→ EXERCISE: Report every line in the listing that contains the string "header".

→ SOURCE RECORDS:
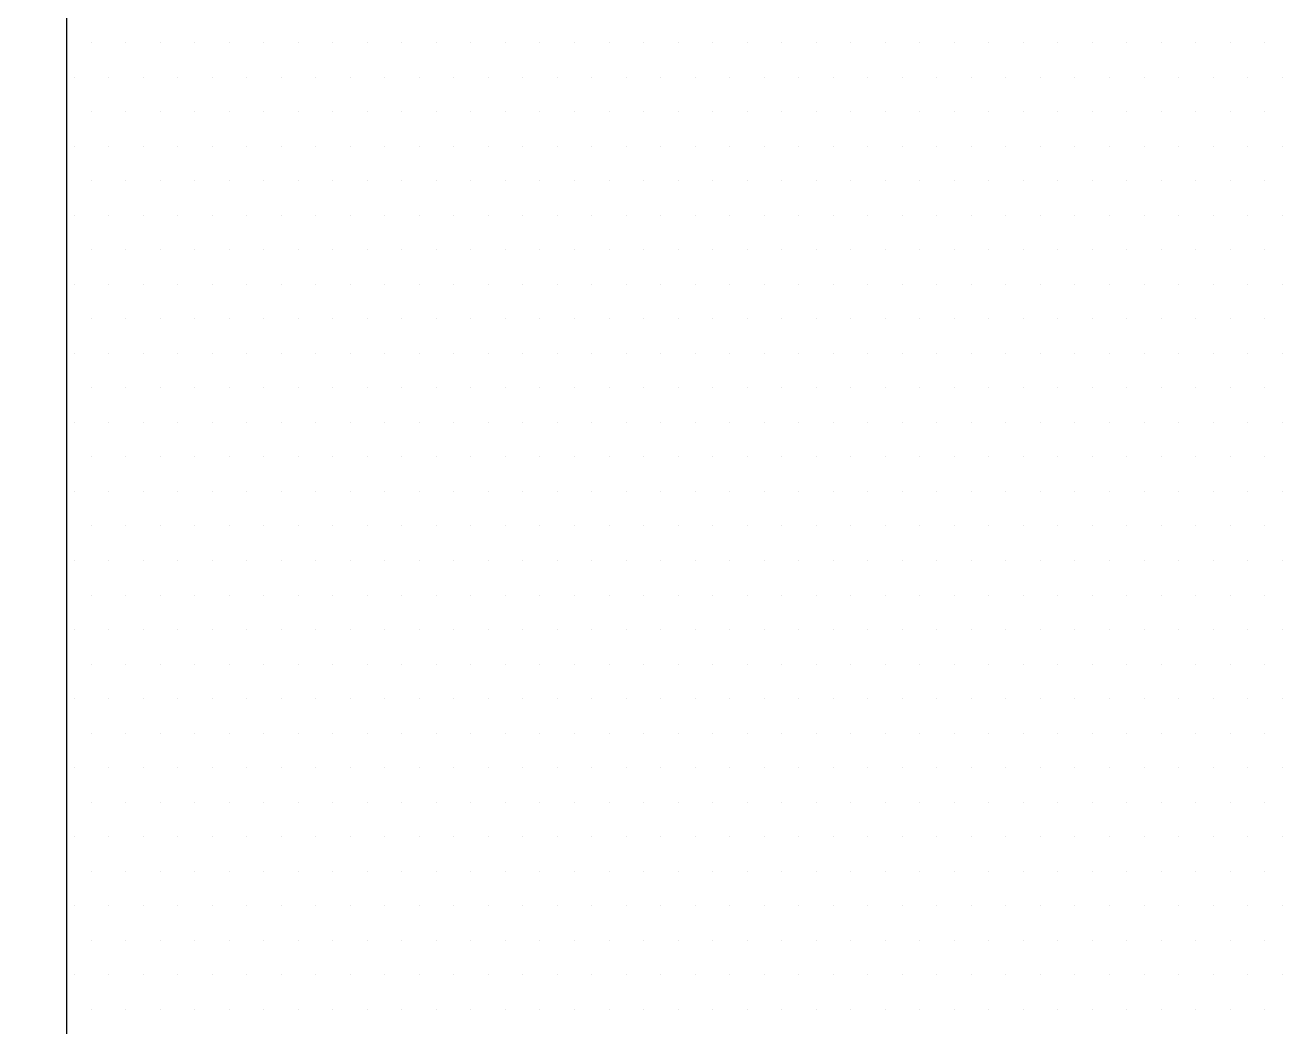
# Model space of a CAD drawing. Extents: x 13276711 to 13543385, y -848943 to -68012.
# Drawn here: x 13509242.34 to 13509252.65, y -843705.32 to -843697.17 of the extents above; entities that cross this region are included whole.
import ezdxf

# ---------------------------------------------------------------- set-up
doc = ezdxf.new("R2010")
doc.units = 0
doc.header["$LTSCALE"] = 1000
doc.header["$MEASUREMENT"] = 0
doc.layers.add('PUB_DIM', color=3, linetype='Continuous')

# ---------------------------------------------------------------- blocks, each defined once
blk = doc.blocks.new('*X36')
at = {"color": 0}
for p, q in [((-65.96875, 1314.1875), (-65.96875, 1314.1875)), ((-65.90625, 1314.1875), (-65.90625, 1314.1875)), ((-65.84375, 1314.1875), (-65.84375, 1314.1875)), ((-65.78125, 1314.1875), (-65.78125, 1314.1875)), ((-65.71875, 1314.1875), (-65.71875, 1314.1875)), ((-65.65625, 1314.1875), (-65.65625, 1314.1875)), ((-65.59375, 1314.1875), (-65.59375, 1314.1875)), ((-65.53125, 1314.1875), (-65.53125, 1314.1875)), ((-65.46875, 1314.1875), (-65.46875, 1314.1875)), ((-65.40625, 1314.1875), (-65.40625, 1314.1875)), ((-65.34375, 1314.1875), (-65.34375, 1314.1875)), ((-65.28125, 1314.1875), (-65.28125, 1314.1875)), ((-65.21875, 1314.1875), (-65.21875, 1314.1875)), ((-65.15625, 1314.1875), (-65.15625, 1314.1875)), ((-65.09375, 1314.1875), (-65.09375, 1314.1875)), ((-65.03125, 1314.1875), (-65.03125, 1314.1875)), ((-64.96875, 1314.1875), (-64.96875, 1314.1875)), ((-64.90625, 1314.1875), (-64.90625, 1314.1875)), ((-64.84375, 1314.1875), (-64.84375, 1314.1875)), ((-64.78125, 1314.1875), (-64.78125, 1314.1875)), ((-64.71875, 1314.1875), (-64.71875, 1314.1875)), ((-64.65625, 1314.1875), (-64.65625, 1314.1875)), ((-64.59375, 1314.1875), (-64.59375, 1314.1875)), ((-64.53125, 1314.1875), (-64.53125, 1314.1875)), ((-64.46875, 1314.1875), (-64.46875, 1314.1875)), ((-64.40625, 1314.1875), (-64.40625, 1314.1875)), ((-64.34375, 1314.1875), (-64.34375, 1314.1875)), ((-64.28125, 1314.1875), (-64.28125, 1314.1875)), ((-64.21875, 1314.1875), (-64.21875, 1314.1875)), ((-64.15625, 1314.1875), (-64.15625, 1314.1875)), ((-64.09375, 1314.1875), (-64.09375, 1314.1875)), ((-64.03125, 1314.1875), (-64.03125, 1314.1875)), ((-63.96875, 1314.1875), (-63.96875, 1314.1875)), ((-63.90625, 1314.1875), (-63.90625, 1314.1875)), ((-63.84375, 1314.1875), (-63.84375, 1314.1875)), ((-66, 1314.125), (-66, 1314.125)), ((-65.9375, 1314.125), (-65.9375, 1314.125)), ((-65.875, 1314.125), (-65.875, 1314.125)), ((-65.8125, 1314.125), (-65.8125, 1314.125)), ((-65.75, 1314.125), (-65.75, 1314.125)), ((-65.6875, 1314.125), (-65.6875, 1314.125)), ((-65.625, 1314.125), (-65.625, 1314.125)), ((-65.5625, 1314.125), (-65.5625, 1314.125)), ((-65.5, 1314.125), (-65.5, 1314.125)), ((-65.4375, 1314.125), (-65.4375, 1314.125)), ((-65.375, 1314.125), (-65.375, 1314.125)), ((-65.3125, 1314.125), (-65.3125, 1314.125)), ((-65.25, 1314.125), (-65.25, 1314.125)), ((-65.1875, 1314.125), (-65.1875, 1314.125)), ((-65.125, 1314.125), (-65.125, 1314.125)), ((-65.0625, 1314.125), (-65.0625, 1314.125)), ((-65, 1314.125), (-65, 1314.125)), ((-64.9375, 1314.125), (-64.9375, 1314.125)), ((-64.875, 1314.125), (-64.875, 1314.125)), ((-64.8125, 1314.125), (-64.8125, 1314.125)), ((-64.75, 1314.125), (-64.75, 1314.125)), ((-64.6875, 1314.125), (-64.6875, 1314.125)), ((-64.625, 1314.125), (-64.625, 1314.125)), ((-64.5625, 1314.125), (-64.5625, 1314.125)), ((-64.5, 1314.125), (-64.5, 1314.125)), ((-64.4375, 1314.125), (-64.4375, 1314.125)), ((-64.375, 1314.125), (-64.375, 1314.125)), ((-64.3125, 1314.125), (-64.3125, 1314.125)), ((-64.25, 1314.125), (-64.25, 1314.125)), ((-64.1875, 1314.125), (-64.1875, 1314.125)), ((-64.125, 1314.125), (-64.125, 1314.125)), ((-64.0625, 1314.125), (-64.0625, 1314.125)), ((-64, 1314.125), (-64, 1314.125)), ((-63.9375, 1314.125), (-63.9375, 1314.125)), ((-63.875, 1314.125), (-63.875, 1314.125)), ((-63.8125, 1314.125), (-63.8125, 1314.125)), ((-65.96875, 1314.0625), (-65.96875, 1314.0625)), ((-65.90625, 1314.0625), (-65.90625, 1314.0625)), ((-65.84375, 1314.0625), (-65.84375, 1314.0625)), ((-65.78125, 1314.0625), (-65.78125, 1314.0625)), ((-65.71875, 1314.0625), (-65.71875, 1314.0625)), ((-65.65625, 1314.0625), (-65.65625, 1314.0625)), ((-65.59375, 1314.0625), (-65.59375, 1314.0625)), ((-65.53125, 1314.0625), (-65.53125, 1314.0625)), ((-65.46875, 1314.0625), (-65.46875, 1314.0625)), ((-65.40625, 1314.0625), (-65.40625, 1314.0625)), ((-65.34375, 1314.0625), (-65.34375, 1314.0625)), ((-65.28125, 1314.0625), (-65.28125, 1314.0625)), ((-65.21875, 1314.0625), (-65.21875, 1314.0625)), ((-65.15625, 1314.0625), (-65.15625, 1314.0625)), ((-65.09375, 1314.0625), (-65.09375, 1314.0625)), ((-65.03125, 1314.0625), (-65.03125, 1314.0625)), ((-64.96875, 1314.0625), (-64.96875, 1314.0625)), ((-64.90625, 1314.0625), (-64.90625, 1314.0625)), ((-64.84375, 1314.0625), (-64.84375, 1314.0625)), ((-64.78125, 1314.0625), (-64.78125, 1314.0625)), ((-64.71875, 1314.0625), (-64.71875, 1314.0625)), ((-64.65625, 1314.0625), (-64.65625, 1314.0625)), ((-64.59375, 1314.0625), (-64.59375, 1314.0625)), ((-64.53125, 1314.0625), (-64.53125, 1314.0625)), ((-64.46875, 1314.0625), (-64.46875, 1314.0625)), ((-64.40625, 1314.0625), (-64.40625, 1314.0625)), ((-64.34375, 1314.0625), (-64.34375, 1314.0625)), ((-64.28125, 1314.0625), (-64.28125, 1314.0625)), ((-64.21875, 1314.0625), (-64.21875, 1314.0625)), ((-64.15625, 1314.0625), (-64.15625, 1314.0625)), ((-64.09375, 1314.0625), (-64.09375, 1314.0625)), ((-64.03125, 1314.0625), (-64.03125, 1314.0625)), ((-63.96875, 1314.0625), (-63.96875, 1314.0625)), ((-63.90625, 1314.0625), (-63.90625, 1314.0625)), ((-63.84375, 1314.0625), (-63.84375, 1314.0625)), ((-66, 1314), (-66, 1314)), ((-65.9375, 1314), (-65.9375, 1314)), ((-65.875, 1314), (-65.875, 1314)), ((-65.8125, 1314), (-65.8125, 1314)), ((-65.75, 1314), (-65.75, 1314)), ((-65.6875, 1314), (-65.6875, 1314)), ((-65.625, 1314), (-65.625, 1314)), ((-65.5625, 1314), (-65.5625, 1314)), ((-65.5, 1314), (-65.5, 1314)), ((-65.4375, 1314), (-65.4375, 1314)), ((-65.375, 1314), (-65.375, 1314)), ((-65.3125, 1314), (-65.3125, 1314)), ((-65.25, 1314), (-65.25, 1314)), ((-65.1875, 1314), (-65.1875, 1314)), ((-65.125, 1314), (-65.125, 1314)), ((-65.0625, 1314), (-65.0625, 1314)), ((-65, 1314), (-65, 1314)), ((-64.9375, 1314), (-64.9375, 1314)), ((-64.875, 1314), (-64.875, 1314)), ((-64.8125, 1314), (-64.8125, 1314)), ((-64.75, 1314), (-64.75, 1314)), ((-64.6875, 1314), (-64.6875, 1314)), ((-64.625, 1314), (-64.625, 1314)), ((-64.5625, 1314), (-64.5625, 1314)), ((-64.5, 1314), (-64.5, 1314)), ((-64.4375, 1314), (-64.4375, 1314)), ((-64.375, 1314), (-64.375, 1314)), ((-64.3125, 1314), (-64.3125, 1314)), ((-64.25, 1314), (-64.25, 1314)), ((-64.1875, 1314), (-64.1875, 1314)), ((-64.125, 1314), (-64.125, 1314)), ((-64.0625, 1314), (-64.0625, 1314)), ((-64, 1314), (-64, 1314)), ((-63.9375, 1314), (-63.9375, 1314)), ((-63.875, 1314), (-63.875, 1314)), ((-63.8125, 1314), (-63.8125, 1314)), ((-65.96875, 1313.9375), (-65.96875, 1313.9375)), ((-65.90625, 1313.9375), (-65.90625, 1313.9375)), ((-65.84375, 1313.9375), (-65.84375, 1313.9375)), ((-65.78125, 1313.9375), (-65.78125, 1313.9375)), ((-65.71875, 1313.9375), (-65.71875, 1313.9375)), ((-65.65625, 1313.9375), (-65.65625, 1313.9375)), ((-65.59375, 1313.9375), (-65.59375, 1313.9375)), ((-65.53125, 1313.9375), (-65.53125, 1313.9375)), ((-65.46875, 1313.9375), (-65.46875, 1313.9375)), ((-65.40625, 1313.9375), (-65.40625, 1313.9375)), ((-65.34375, 1313.9375), (-65.34375, 1313.9375)), ((-65.28125, 1313.9375), (-65.28125, 1313.9375)), ((-65.21875, 1313.9375), (-65.21875, 1313.9375)), ((-65.15625, 1313.9375), (-65.15625, 1313.9375)), ((-65.09375, 1313.9375), (-65.09375, 1313.9375)), ((-65.03125, 1313.9375), (-65.03125, 1313.9375)), ((-64.96875, 1313.9375), (-64.96875, 1313.9375)), ((-64.90625, 1313.9375), (-64.90625, 1313.9375)), ((-64.84375, 1313.9375), (-64.84375, 1313.9375)), ((-64.78125, 1313.9375), (-64.78125, 1313.9375)), ((-64.71875, 1313.9375), (-64.71875, 1313.9375)), ((-64.65625, 1313.9375), (-64.65625, 1313.9375)), ((-64.59375, 1313.9375), (-64.59375, 1313.9375)), ((-64.53125, 1313.9375), (-64.53125, 1313.9375)), ((-64.46875, 1313.9375), (-64.46875, 1313.9375)), ((-64.40625, 1313.9375), (-64.40625, 1313.9375)), ((-64.34375, 1313.9375), (-64.34375, 1313.9375)), ((-64.28125, 1313.9375), (-64.28125, 1313.9375)), ((-64.21875, 1313.9375), (-64.21875, 1313.9375)), ((-64.15625, 1313.9375), (-64.15625, 1313.9375)), ((-64.09375, 1313.9375), (-64.09375, 1313.9375)), ((-64.03125, 1313.9375), (-64.03125, 1313.9375)), ((-63.96875, 1313.9375), (-63.96875, 1313.9375)), ((-63.90625, 1313.9375), (-63.90625, 1313.9375)), ((-63.84375, 1313.9375), (-63.84375, 1313.9375)), ((-66, 1313.875), (-66, 1313.875)), ((-65.9375, 1313.875), (-65.9375, 1313.875)), ((-65.875, 1313.875), (-65.875, 1313.875)), ((-65.8125, 1313.875), (-65.8125, 1313.875)), ((-65.75, 1313.875), (-65.75, 1313.875)), ((-65.6875, 1313.875), (-65.6875, 1313.875)), ((-65.625, 1313.875), (-65.625, 1313.875)), ((-65.5625, 1313.875), (-65.5625, 1313.875)), ((-65.5, 1313.875), (-65.5, 1313.875)), ((-65.4375, 1313.875), (-65.4375, 1313.875)), ((-65.375, 1313.875), (-65.375, 1313.875)), ((-65.3125, 1313.875), (-65.3125, 1313.875)), ((-65.25, 1313.875), (-65.25, 1313.875)), ((-65.1875, 1313.875), (-65.1875, 1313.875)), ((-65.125, 1313.875), (-65.125, 1313.875)), ((-65.0625, 1313.875), (-65.0625, 1313.875)), ((-65, 1313.875), (-65, 1313.875)), ((-64.9375, 1313.875), (-64.9375, 1313.875)), ((-64.875, 1313.875), (-64.875, 1313.875)), ((-64.8125, 1313.875), (-64.8125, 1313.875)), ((-64.75, 1313.875), (-64.75, 1313.875)), ((-64.6875, 1313.875), (-64.6875, 1313.875)), ((-64.625, 1313.875), (-64.625, 1313.875)), ((-64.5625, 1313.875), (-64.5625, 1313.875)), ((-64.5, 1313.875), (-64.5, 1313.875)), ((-64.4375, 1313.875), (-64.4375, 1313.875)), ((-64.375, 1313.875), (-64.375, 1313.875)), ((-64.3125, 1313.875), (-64.3125, 1313.875)), ((-64.25, 1313.875), (-64.25, 1313.875)), ((-64.1875, 1313.875), (-64.1875, 1313.875)), ((-64.125, 1313.875), (-64.125, 1313.875)), ((-64.0625, 1313.875), (-64.0625, 1313.875)), ((-64, 1313.875), (-64, 1313.875)), ((-63.9375, 1313.875), (-63.9375, 1313.875)), ((-63.875, 1313.875), (-63.875, 1313.875)), ((-63.8125, 1313.875), (-63.8125, 1313.875)), ((-65.96875, 1313.8125), (-65.96875, 1313.8125)), ((-65.90625, 1313.8125), (-65.90625, 1313.8125)), ((-65.84375, 1313.8125), (-65.84375, 1313.8125)), ((-65.78125, 1313.8125), (-65.78125, 1313.8125)), ((-65.71875, 1313.8125), (-65.71875, 1313.8125)), ((-65.65625, 1313.8125), (-65.65625, 1313.8125)), ((-65.59375, 1313.8125), (-65.59375, 1313.8125)), ((-65.53125, 1313.8125), (-65.53125, 1313.8125)), ((-65.46875, 1313.8125), (-65.46875, 1313.8125)), ((-65.40625, 1313.8125), (-65.40625, 1313.8125)), ((-65.34375, 1313.8125), (-65.34375, 1313.8125)), ((-65.28125, 1313.8125), (-65.28125, 1313.8125)), ((-65.21875, 1313.8125), (-65.21875, 1313.8125)), ((-65.15625, 1313.8125), (-65.15625, 1313.8125)), ((-65.09375, 1313.8125), (-65.09375, 1313.8125)), ((-65.03125, 1313.8125), (-65.03125, 1313.8125)), ((-64.96875, 1313.8125), (-64.96875, 1313.8125)), ((-64.90625, 1313.8125), (-64.90625, 1313.8125)), ((-64.84375, 1313.8125), (-64.84375, 1313.8125)), ((-64.78125, 1313.8125), (-64.78125, 1313.8125)), ((-64.71875, 1313.8125), (-64.71875, 1313.8125)), ((-64.65625, 1313.8125), (-64.65625, 1313.8125)), ((-64.59375, 1313.8125), (-64.59375, 1313.8125)), ((-64.53125, 1313.8125), (-64.53125, 1313.8125)), ((-64.46875, 1313.8125), (-64.46875, 1313.8125)), ((-64.40625, 1313.8125), (-64.40625, 1313.8125)), ((-64.34375, 1313.8125), (-64.34375, 1313.8125)), ((-64.28125, 1313.8125), (-64.28125, 1313.8125)), ((-64.21875, 1313.8125), (-64.21875, 1313.8125)), ((-64.15625, 1313.8125), (-64.15625, 1313.8125)), ((-64.09375, 1313.8125), (-64.09375, 1313.8125)), ((-64.03125, 1313.8125), (-64.03125, 1313.8125)), ((-63.96875, 1313.8125), (-63.96875, 1313.8125)), ((-63.90625, 1313.8125), (-63.90625, 1313.8125)), ((-63.84375, 1313.8125), (-63.84375, 1313.8125)), ((-66, 1313.75), (-66, 1313.75)), ((-65.9375, 1313.75), (-65.9375, 1313.75)), ((-65.875, 1313.75), (-65.875, 1313.75)), ((-65.8125, 1313.75), (-65.8125, 1313.75)), ((-65.75, 1313.75), (-65.75, 1313.75)), ((-65.6875, 1313.75), (-65.6875, 1313.75)), ((-65.625, 1313.75), (-65.625, 1313.75)), ((-65.5625, 1313.75), (-65.5625, 1313.75)), ((-65.5, 1313.75), (-65.5, 1313.75)), ((-65.4375, 1313.75), (-65.4375, 1313.75)), ((-65.375, 1313.75), (-65.375, 1313.75)), ((-65.3125, 1313.75), (-65.3125, 1313.75)), ((-65.25, 1313.75), (-65.25, 1313.75)), ((-65.1875, 1313.75), (-65.1875, 1313.75)), ((-65.125, 1313.75), (-65.125, 1313.75)), ((-65.0625, 1313.75), (-65.0625, 1313.75)), ((-65, 1313.75), (-65, 1313.75)), ((-64.9375, 1313.75), (-64.9375, 1313.75)), ((-64.875, 1313.75), (-64.875, 1313.75)), ((-64.8125, 1313.75), (-64.8125, 1313.75)), ((-64.75, 1313.75), (-64.75, 1313.75)), ((-64.6875, 1313.75), (-64.6875, 1313.75)), ((-64.625, 1313.75), (-64.625, 1313.75)), ((-64.5625, 1313.75), (-64.5625, 1313.75)), ((-64.5, 1313.75), (-64.5, 1313.75)), ((-64.4375, 1313.75), (-64.4375, 1313.75)), ((-64.375, 1313.75), (-64.375, 1313.75)), ((-64.3125, 1313.75), (-64.3125, 1313.75)), ((-64.25, 1313.75), (-64.25, 1313.75)), ((-64.1875, 1313.75), (-64.1875, 1313.75)), ((-64.125, 1313.75), (-64.125, 1313.75)), ((-64.0625, 1313.75), (-64.0625, 1313.75)), ((-64, 1313.75), (-64, 1313.75)), ((-63.9375, 1313.75), (-63.9375, 1313.75)), ((-63.875, 1313.75), (-63.875, 1313.75)), ((-63.8125, 1313.75), (-63.8125, 1313.75)), ((-65.96875, 1313.6875), (-65.96875, 1313.6875)), ((-65.90625, 1313.6875), (-65.90625, 1313.6875)), ((-65.84375, 1313.6875), (-65.84375, 1313.6875)), ((-65.78125, 1313.6875), (-65.78125, 1313.6875)), ((-65.71875, 1313.6875), (-65.71875, 1313.6875)), ((-65.65625, 1313.6875), (-65.65625, 1313.6875)), ((-65.59375, 1313.6875), (-65.59375, 1313.6875)), ((-65.53125, 1313.6875), (-65.53125, 1313.6875)), ((-65.46875, 1313.6875), (-65.46875, 1313.6875)), ((-65.40625, 1313.6875), (-65.40625, 1313.6875)), ((-65.34375, 1313.6875), (-65.34375, 1313.6875)), ((-65.28125, 1313.6875), (-65.28125, 1313.6875)), ((-65.21875, 1313.6875), (-65.21875, 1313.6875)), ((-65.15625, 1313.6875), (-65.15625, 1313.6875)), ((-65.09375, 1313.6875), (-65.09375, 1313.6875)), ((-65.03125, 1313.6875), (-65.03125, 1313.6875)), ((-64.96875, 1313.6875), (-64.96875, 1313.6875)), ((-64.90625, 1313.6875), (-64.90625, 1313.6875)), ((-64.84375, 1313.6875), (-64.84375, 1313.6875)), ((-64.78125, 1313.6875), (-64.78125, 1313.6875)), ((-64.71875, 1313.6875), (-64.71875, 1313.6875)), ((-64.65625, 1313.6875), (-64.65625, 1313.6875)), ((-64.59375, 1313.6875), (-64.59375, 1313.6875)), ((-64.53125, 1313.6875), (-64.53125, 1313.6875)), ((-64.46875, 1313.6875), (-64.46875, 1313.6875)), ((-64.40625, 1313.6875), (-64.40625, 1313.6875)), ((-64.34375, 1313.6875), (-64.34375, 1313.6875)), ((-64.28125, 1313.6875), (-64.28125, 1313.6875)), ((-64.21875, 1313.6875), (-64.21875, 1313.6875)), ((-64.15625, 1313.6875), (-64.15625, 1313.6875)), ((-64.09375, 1313.6875), (-64.09375, 1313.6875)), ((-64.03125, 1313.6875), (-64.03125, 1313.6875)), ((-63.96875, 1313.6875), (-63.96875, 1313.6875)), ((-63.90625, 1313.6875), (-63.90625, 1313.6875)), ((-63.84375, 1313.6875), (-63.84375, 1313.6875)), ((-66, 1313.625), (-66, 1313.625)), ((-65.9375, 1313.625), (-65.9375, 1313.625)), ((-65.875, 1313.625), (-65.875, 1313.625)), ((-65.8125, 1313.625), (-65.8125, 1313.625)), ((-65.75, 1313.625), (-65.75, 1313.625)), ((-65.6875, 1313.625), (-65.6875, 1313.625)), ((-65.625, 1313.625), (-65.625, 1313.625)), ((-65.5625, 1313.625), (-65.5625, 1313.625)), ((-65.5, 1313.625), (-65.5, 1313.625)), ((-65.4375, 1313.625), (-65.4375, 1313.625)), ((-65.375, 1313.625), (-65.375, 1313.625)), ((-65.3125, 1313.625), (-65.3125, 1313.625)), ((-65.25, 1313.625), (-65.25, 1313.625)), ((-65.1875, 1313.625), (-65.1875, 1313.625)), ((-65.125, 1313.625), (-65.125, 1313.625)), ((-65.0625, 1313.625), (-65.0625, 1313.625)), ((-65, 1313.625), (-65, 1313.625)), ((-64.9375, 1313.625), (-64.9375, 1313.625)), ((-64.875, 1313.625), (-64.875, 1313.625)), ((-64.8125, 1313.625), (-64.8125, 1313.625)), ((-64.75, 1313.625), (-64.75, 1313.625)), ((-64.6875, 1313.625), (-64.6875, 1313.625)), ((-64.625, 1313.625), (-64.625, 1313.625)), ((-64.5625, 1313.625), (-64.5625, 1313.625)), ((-64.5, 1313.625), (-64.5, 1313.625)), ((-64.4375, 1313.625), (-64.4375, 1313.625)), ((-64.375, 1313.625), (-64.375, 1313.625)), ((-64.3125, 1313.625), (-64.3125, 1313.625)), ((-64.25, 1313.625), (-64.25, 1313.625)), ((-64.1875, 1313.625), (-64.1875, 1313.625)), ((-64.125, 1313.625), (-64.125, 1313.625)), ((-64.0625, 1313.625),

→ WRITTEN RESPONSE:
doc.header["$LTSCALE"] = 1000
doc.header["$MEASUREMENT"] = 0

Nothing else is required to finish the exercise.